Return the lines below in which the string "horizontal" occurs.

Stored items from a collection:
--*--
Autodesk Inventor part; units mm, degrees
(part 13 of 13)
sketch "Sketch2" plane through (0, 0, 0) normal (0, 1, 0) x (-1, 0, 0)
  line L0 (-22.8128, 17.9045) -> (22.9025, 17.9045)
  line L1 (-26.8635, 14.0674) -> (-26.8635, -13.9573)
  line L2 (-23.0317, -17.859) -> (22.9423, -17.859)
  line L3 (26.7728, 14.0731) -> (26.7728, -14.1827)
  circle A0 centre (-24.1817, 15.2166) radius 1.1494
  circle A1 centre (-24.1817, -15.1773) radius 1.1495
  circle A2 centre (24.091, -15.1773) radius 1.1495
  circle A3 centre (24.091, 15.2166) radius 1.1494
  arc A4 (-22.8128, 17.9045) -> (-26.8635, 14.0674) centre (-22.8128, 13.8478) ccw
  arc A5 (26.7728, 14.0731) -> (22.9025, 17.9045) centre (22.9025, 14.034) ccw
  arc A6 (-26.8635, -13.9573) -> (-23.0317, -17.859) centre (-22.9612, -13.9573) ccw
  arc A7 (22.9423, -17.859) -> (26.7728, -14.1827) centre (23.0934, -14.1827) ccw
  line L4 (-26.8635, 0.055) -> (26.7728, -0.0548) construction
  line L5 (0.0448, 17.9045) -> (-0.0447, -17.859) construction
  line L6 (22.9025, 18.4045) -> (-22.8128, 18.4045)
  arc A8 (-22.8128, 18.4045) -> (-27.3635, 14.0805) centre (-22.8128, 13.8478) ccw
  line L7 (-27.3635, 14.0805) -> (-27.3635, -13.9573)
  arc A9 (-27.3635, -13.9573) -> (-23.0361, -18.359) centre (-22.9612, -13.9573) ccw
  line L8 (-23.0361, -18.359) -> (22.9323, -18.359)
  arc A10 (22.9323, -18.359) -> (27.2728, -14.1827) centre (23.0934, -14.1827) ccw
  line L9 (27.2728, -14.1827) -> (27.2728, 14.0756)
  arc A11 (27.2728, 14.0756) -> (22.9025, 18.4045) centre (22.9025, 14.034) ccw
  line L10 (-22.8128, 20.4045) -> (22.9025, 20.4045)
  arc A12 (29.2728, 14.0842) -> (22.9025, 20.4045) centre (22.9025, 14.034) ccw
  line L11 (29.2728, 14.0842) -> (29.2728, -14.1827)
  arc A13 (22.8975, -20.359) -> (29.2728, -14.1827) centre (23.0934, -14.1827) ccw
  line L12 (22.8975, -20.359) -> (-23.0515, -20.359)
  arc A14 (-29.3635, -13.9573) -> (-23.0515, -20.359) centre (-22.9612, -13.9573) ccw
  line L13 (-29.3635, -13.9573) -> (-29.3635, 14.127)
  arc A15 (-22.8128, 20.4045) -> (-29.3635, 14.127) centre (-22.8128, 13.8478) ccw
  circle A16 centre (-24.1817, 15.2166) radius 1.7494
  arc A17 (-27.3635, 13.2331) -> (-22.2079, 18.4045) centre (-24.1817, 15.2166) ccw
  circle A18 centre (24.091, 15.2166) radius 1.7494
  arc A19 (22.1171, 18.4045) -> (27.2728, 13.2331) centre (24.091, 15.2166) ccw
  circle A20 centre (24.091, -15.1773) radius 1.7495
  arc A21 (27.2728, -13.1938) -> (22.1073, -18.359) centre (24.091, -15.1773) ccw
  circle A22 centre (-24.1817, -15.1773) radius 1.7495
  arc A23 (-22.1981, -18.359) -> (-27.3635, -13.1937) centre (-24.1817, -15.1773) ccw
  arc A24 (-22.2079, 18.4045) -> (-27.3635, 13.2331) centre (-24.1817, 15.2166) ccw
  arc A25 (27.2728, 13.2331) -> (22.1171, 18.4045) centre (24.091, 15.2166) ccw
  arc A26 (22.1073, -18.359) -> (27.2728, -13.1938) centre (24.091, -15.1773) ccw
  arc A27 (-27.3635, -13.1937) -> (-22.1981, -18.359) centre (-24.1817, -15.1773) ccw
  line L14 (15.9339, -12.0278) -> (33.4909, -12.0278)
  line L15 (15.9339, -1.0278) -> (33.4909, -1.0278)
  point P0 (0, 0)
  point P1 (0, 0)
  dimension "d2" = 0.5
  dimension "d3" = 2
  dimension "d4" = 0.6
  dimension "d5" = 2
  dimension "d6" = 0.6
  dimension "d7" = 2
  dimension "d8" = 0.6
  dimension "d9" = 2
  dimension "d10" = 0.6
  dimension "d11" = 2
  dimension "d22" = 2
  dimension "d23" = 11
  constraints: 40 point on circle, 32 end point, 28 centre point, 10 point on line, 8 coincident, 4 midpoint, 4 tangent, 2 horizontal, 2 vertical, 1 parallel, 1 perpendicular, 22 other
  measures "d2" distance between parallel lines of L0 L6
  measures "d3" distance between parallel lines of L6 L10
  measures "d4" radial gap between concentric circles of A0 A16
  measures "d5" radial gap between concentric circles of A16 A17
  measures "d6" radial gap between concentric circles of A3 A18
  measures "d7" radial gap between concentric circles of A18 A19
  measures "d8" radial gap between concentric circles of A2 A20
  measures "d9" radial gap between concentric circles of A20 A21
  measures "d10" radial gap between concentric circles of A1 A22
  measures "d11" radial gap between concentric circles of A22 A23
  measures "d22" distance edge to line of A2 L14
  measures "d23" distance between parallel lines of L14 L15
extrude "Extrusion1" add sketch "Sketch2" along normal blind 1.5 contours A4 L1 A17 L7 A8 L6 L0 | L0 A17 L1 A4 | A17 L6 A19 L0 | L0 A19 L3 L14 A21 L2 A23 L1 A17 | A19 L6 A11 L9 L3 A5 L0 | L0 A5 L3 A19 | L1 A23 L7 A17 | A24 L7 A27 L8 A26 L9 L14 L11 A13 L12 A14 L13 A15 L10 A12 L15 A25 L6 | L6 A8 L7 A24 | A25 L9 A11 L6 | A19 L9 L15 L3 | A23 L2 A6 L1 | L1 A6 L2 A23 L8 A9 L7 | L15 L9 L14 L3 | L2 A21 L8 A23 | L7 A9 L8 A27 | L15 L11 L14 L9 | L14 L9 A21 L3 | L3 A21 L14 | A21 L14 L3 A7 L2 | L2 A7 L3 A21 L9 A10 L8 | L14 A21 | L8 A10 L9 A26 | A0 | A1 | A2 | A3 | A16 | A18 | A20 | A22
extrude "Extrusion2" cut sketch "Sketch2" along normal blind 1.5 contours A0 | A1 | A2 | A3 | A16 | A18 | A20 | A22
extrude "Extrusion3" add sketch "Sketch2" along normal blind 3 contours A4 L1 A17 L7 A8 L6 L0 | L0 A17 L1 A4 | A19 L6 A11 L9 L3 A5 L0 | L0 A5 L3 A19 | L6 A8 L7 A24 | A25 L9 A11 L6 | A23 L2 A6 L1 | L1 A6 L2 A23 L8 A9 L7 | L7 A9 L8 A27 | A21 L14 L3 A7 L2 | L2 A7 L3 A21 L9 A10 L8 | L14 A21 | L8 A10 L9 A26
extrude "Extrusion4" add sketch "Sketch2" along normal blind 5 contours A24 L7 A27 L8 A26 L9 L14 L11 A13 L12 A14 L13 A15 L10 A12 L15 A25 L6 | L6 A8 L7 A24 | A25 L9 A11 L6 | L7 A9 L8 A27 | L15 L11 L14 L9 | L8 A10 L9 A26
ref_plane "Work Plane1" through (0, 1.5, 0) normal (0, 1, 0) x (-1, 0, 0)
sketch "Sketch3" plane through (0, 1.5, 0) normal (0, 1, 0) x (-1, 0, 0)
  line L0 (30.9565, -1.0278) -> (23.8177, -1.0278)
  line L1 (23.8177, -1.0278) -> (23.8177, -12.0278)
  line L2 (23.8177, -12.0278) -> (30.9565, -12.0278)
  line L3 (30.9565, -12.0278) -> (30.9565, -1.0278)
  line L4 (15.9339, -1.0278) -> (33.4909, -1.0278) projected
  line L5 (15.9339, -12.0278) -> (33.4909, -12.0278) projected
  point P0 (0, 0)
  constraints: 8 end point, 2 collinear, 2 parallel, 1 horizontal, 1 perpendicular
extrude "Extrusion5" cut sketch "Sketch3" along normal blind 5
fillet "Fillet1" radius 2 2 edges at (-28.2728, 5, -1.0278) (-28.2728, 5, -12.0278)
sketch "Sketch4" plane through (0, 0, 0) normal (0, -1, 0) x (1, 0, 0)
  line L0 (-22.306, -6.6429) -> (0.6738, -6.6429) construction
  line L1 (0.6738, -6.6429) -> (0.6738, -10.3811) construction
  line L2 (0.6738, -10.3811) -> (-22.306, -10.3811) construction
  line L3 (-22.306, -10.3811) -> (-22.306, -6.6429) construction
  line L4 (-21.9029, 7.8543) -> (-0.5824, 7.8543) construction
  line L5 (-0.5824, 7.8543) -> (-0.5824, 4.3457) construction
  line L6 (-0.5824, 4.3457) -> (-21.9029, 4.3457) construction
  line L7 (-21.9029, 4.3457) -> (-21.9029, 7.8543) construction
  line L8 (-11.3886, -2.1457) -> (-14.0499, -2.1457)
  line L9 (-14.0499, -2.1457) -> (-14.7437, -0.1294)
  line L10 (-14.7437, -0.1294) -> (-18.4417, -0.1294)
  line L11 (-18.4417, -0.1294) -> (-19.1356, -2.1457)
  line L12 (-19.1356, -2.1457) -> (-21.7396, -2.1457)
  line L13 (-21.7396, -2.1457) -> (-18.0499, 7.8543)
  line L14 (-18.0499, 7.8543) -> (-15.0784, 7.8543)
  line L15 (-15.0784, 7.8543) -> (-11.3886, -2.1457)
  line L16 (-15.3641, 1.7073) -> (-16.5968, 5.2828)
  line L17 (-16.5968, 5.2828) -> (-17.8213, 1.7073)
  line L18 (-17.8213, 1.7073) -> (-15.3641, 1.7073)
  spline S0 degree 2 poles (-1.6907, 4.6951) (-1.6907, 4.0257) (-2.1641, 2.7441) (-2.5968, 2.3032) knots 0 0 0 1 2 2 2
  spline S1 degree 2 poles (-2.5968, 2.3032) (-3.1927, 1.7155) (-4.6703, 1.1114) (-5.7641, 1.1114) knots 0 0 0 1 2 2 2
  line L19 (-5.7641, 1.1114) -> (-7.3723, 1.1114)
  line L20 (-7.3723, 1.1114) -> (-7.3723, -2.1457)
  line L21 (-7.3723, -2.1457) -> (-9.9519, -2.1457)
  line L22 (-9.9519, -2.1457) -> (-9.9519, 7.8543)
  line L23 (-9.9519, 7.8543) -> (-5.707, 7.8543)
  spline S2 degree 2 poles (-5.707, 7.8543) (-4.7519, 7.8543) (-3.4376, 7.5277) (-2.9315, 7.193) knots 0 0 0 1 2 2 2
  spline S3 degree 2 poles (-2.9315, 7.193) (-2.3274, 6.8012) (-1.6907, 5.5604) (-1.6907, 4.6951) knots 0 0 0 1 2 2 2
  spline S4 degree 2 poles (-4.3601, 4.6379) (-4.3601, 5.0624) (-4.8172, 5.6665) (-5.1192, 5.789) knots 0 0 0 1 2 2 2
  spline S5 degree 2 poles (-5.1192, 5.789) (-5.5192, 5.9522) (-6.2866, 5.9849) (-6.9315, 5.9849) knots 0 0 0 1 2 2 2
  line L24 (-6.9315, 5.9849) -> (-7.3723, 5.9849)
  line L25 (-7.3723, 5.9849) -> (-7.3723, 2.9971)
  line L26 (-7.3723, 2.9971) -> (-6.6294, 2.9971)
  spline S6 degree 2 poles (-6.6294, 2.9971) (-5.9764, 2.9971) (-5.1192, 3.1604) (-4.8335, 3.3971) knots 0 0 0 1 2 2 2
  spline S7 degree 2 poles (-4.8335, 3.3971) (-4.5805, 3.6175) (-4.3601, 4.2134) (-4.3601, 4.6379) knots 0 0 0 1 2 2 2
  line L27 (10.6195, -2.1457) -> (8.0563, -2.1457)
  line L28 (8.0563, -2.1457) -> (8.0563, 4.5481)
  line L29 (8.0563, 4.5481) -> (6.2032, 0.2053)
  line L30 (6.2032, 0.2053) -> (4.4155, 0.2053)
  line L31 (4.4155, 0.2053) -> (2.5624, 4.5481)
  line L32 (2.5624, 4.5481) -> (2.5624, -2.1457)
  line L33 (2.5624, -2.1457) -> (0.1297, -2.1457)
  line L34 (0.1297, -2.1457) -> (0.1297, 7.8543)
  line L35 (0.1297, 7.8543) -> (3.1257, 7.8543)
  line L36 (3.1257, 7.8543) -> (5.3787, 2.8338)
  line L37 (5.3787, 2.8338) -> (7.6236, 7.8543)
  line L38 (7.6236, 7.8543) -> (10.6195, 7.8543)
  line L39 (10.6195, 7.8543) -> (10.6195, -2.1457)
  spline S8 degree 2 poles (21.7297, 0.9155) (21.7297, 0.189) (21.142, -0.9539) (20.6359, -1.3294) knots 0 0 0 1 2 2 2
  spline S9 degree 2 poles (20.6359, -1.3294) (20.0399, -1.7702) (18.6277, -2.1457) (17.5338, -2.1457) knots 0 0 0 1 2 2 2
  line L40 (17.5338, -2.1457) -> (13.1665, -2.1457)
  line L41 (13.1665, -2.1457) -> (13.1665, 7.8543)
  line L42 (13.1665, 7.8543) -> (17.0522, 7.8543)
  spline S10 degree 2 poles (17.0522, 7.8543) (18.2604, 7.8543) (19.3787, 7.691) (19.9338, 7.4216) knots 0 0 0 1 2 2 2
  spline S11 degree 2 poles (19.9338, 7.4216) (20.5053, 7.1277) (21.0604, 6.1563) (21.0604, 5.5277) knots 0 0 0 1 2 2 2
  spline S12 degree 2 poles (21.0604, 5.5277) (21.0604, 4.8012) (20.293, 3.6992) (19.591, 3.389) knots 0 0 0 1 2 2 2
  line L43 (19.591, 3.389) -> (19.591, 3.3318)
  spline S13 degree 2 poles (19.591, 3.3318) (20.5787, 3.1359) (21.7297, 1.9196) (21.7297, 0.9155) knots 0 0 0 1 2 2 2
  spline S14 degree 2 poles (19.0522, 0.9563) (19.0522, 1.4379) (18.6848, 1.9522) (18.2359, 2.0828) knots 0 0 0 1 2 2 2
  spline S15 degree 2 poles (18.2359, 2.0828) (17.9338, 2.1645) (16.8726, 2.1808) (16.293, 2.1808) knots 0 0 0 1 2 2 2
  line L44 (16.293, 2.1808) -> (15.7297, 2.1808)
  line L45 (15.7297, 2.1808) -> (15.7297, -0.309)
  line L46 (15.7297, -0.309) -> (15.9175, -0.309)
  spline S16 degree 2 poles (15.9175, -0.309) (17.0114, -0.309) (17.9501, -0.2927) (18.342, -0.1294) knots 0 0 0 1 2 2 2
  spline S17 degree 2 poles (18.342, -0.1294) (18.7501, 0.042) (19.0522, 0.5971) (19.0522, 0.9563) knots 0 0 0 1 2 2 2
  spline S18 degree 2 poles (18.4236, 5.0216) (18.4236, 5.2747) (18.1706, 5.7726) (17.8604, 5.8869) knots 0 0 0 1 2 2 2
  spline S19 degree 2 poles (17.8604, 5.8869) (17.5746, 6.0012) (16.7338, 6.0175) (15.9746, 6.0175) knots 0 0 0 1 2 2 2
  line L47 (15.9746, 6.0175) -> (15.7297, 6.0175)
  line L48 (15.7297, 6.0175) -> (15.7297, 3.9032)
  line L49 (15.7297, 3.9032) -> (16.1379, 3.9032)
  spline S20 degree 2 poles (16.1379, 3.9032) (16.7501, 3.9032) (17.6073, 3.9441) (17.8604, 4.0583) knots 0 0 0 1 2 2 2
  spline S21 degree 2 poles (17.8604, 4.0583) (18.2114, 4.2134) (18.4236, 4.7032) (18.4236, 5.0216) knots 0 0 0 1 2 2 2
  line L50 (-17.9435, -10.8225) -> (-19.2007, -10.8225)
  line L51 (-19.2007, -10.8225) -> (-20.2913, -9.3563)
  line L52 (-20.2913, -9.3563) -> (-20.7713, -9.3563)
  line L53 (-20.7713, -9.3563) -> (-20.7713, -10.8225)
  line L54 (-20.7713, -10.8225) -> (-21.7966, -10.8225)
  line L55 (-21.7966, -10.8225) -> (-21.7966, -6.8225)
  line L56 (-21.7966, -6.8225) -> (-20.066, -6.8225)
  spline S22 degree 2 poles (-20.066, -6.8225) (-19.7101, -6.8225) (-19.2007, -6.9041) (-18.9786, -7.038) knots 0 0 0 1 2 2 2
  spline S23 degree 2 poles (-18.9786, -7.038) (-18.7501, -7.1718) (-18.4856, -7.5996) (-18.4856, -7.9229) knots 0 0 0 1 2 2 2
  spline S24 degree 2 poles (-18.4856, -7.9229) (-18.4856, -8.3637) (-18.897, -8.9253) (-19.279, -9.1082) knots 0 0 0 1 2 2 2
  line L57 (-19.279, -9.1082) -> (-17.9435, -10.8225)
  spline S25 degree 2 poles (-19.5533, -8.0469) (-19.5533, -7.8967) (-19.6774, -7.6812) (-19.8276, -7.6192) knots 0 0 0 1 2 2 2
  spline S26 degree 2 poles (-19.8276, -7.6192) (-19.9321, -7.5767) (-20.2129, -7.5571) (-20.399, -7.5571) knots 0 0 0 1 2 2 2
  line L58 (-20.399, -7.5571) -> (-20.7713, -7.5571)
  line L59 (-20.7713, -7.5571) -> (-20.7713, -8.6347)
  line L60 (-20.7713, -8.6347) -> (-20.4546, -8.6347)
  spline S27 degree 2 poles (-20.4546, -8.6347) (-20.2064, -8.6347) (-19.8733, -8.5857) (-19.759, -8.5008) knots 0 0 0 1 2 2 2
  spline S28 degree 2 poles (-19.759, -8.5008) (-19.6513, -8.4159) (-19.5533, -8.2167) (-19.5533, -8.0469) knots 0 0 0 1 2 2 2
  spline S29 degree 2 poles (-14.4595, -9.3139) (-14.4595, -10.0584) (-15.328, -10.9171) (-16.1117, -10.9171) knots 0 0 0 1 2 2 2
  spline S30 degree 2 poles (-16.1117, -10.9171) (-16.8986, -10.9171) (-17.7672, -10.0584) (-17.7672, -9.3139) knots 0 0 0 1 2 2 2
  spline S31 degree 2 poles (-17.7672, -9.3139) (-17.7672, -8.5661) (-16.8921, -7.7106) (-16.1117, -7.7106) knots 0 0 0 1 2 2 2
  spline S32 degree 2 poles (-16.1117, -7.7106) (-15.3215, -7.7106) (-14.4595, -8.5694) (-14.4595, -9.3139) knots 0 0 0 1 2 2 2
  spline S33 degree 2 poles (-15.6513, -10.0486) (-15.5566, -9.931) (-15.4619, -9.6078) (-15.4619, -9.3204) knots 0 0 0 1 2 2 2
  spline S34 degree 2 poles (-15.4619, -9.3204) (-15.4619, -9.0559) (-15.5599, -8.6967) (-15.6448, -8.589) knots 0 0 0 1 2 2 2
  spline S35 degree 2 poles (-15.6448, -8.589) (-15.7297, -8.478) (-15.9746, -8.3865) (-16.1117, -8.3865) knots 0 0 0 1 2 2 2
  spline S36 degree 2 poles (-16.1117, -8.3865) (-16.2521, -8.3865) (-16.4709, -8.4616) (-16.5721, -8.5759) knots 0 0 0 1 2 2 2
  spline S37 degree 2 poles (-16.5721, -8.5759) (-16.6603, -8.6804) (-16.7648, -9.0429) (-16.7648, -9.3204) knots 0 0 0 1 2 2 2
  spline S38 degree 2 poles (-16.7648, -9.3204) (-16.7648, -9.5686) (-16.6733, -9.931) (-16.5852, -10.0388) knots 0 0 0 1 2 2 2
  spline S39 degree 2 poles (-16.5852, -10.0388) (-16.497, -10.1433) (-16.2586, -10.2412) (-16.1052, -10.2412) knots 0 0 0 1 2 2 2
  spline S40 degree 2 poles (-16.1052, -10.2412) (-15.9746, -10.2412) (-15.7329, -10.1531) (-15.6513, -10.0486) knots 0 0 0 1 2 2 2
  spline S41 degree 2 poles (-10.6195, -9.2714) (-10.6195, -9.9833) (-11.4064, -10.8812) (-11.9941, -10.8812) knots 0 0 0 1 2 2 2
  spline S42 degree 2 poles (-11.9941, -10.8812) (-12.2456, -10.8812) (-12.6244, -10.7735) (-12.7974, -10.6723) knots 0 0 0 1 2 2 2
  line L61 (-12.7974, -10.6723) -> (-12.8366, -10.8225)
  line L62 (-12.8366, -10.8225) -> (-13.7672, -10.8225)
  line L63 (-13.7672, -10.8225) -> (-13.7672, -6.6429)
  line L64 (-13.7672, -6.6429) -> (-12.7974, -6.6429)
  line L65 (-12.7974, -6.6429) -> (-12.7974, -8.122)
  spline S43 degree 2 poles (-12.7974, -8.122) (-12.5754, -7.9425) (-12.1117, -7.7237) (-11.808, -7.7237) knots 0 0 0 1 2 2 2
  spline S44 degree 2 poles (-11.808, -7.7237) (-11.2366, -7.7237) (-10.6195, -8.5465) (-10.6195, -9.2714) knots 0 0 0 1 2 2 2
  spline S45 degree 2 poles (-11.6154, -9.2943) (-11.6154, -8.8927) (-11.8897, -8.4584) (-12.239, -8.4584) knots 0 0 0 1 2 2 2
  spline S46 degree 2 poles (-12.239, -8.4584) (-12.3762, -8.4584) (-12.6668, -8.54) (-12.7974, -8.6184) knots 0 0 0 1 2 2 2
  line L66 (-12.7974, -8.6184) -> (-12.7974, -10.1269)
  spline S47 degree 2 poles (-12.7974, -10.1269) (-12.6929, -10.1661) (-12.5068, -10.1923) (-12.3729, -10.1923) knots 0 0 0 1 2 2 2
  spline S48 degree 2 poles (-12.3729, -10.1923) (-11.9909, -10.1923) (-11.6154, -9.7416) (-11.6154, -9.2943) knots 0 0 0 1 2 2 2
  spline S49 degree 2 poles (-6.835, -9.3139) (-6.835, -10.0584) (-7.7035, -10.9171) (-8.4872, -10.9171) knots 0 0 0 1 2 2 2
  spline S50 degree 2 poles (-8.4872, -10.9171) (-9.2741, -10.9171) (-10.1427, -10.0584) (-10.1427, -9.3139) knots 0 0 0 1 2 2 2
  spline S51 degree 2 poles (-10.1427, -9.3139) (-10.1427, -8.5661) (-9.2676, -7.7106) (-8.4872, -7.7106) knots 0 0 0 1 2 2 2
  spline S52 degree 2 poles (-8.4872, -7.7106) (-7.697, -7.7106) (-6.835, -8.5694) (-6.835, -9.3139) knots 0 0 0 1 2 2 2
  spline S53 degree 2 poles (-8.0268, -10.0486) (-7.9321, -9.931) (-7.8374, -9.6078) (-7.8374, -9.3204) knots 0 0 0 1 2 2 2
--*--
• **Expected output**
  constraints: 40 point on circle, 32 end point, 28 centre point, 10 point on line, 8 coincident, 4 midpoint, 4 tangent, 2 horizontal, 2 vertical, 1 parallel, 1 perpendicular, 22 other
  constraints: 8 end point, 2 collinear, 2 parallel, 1 horizontal, 1 perpendicular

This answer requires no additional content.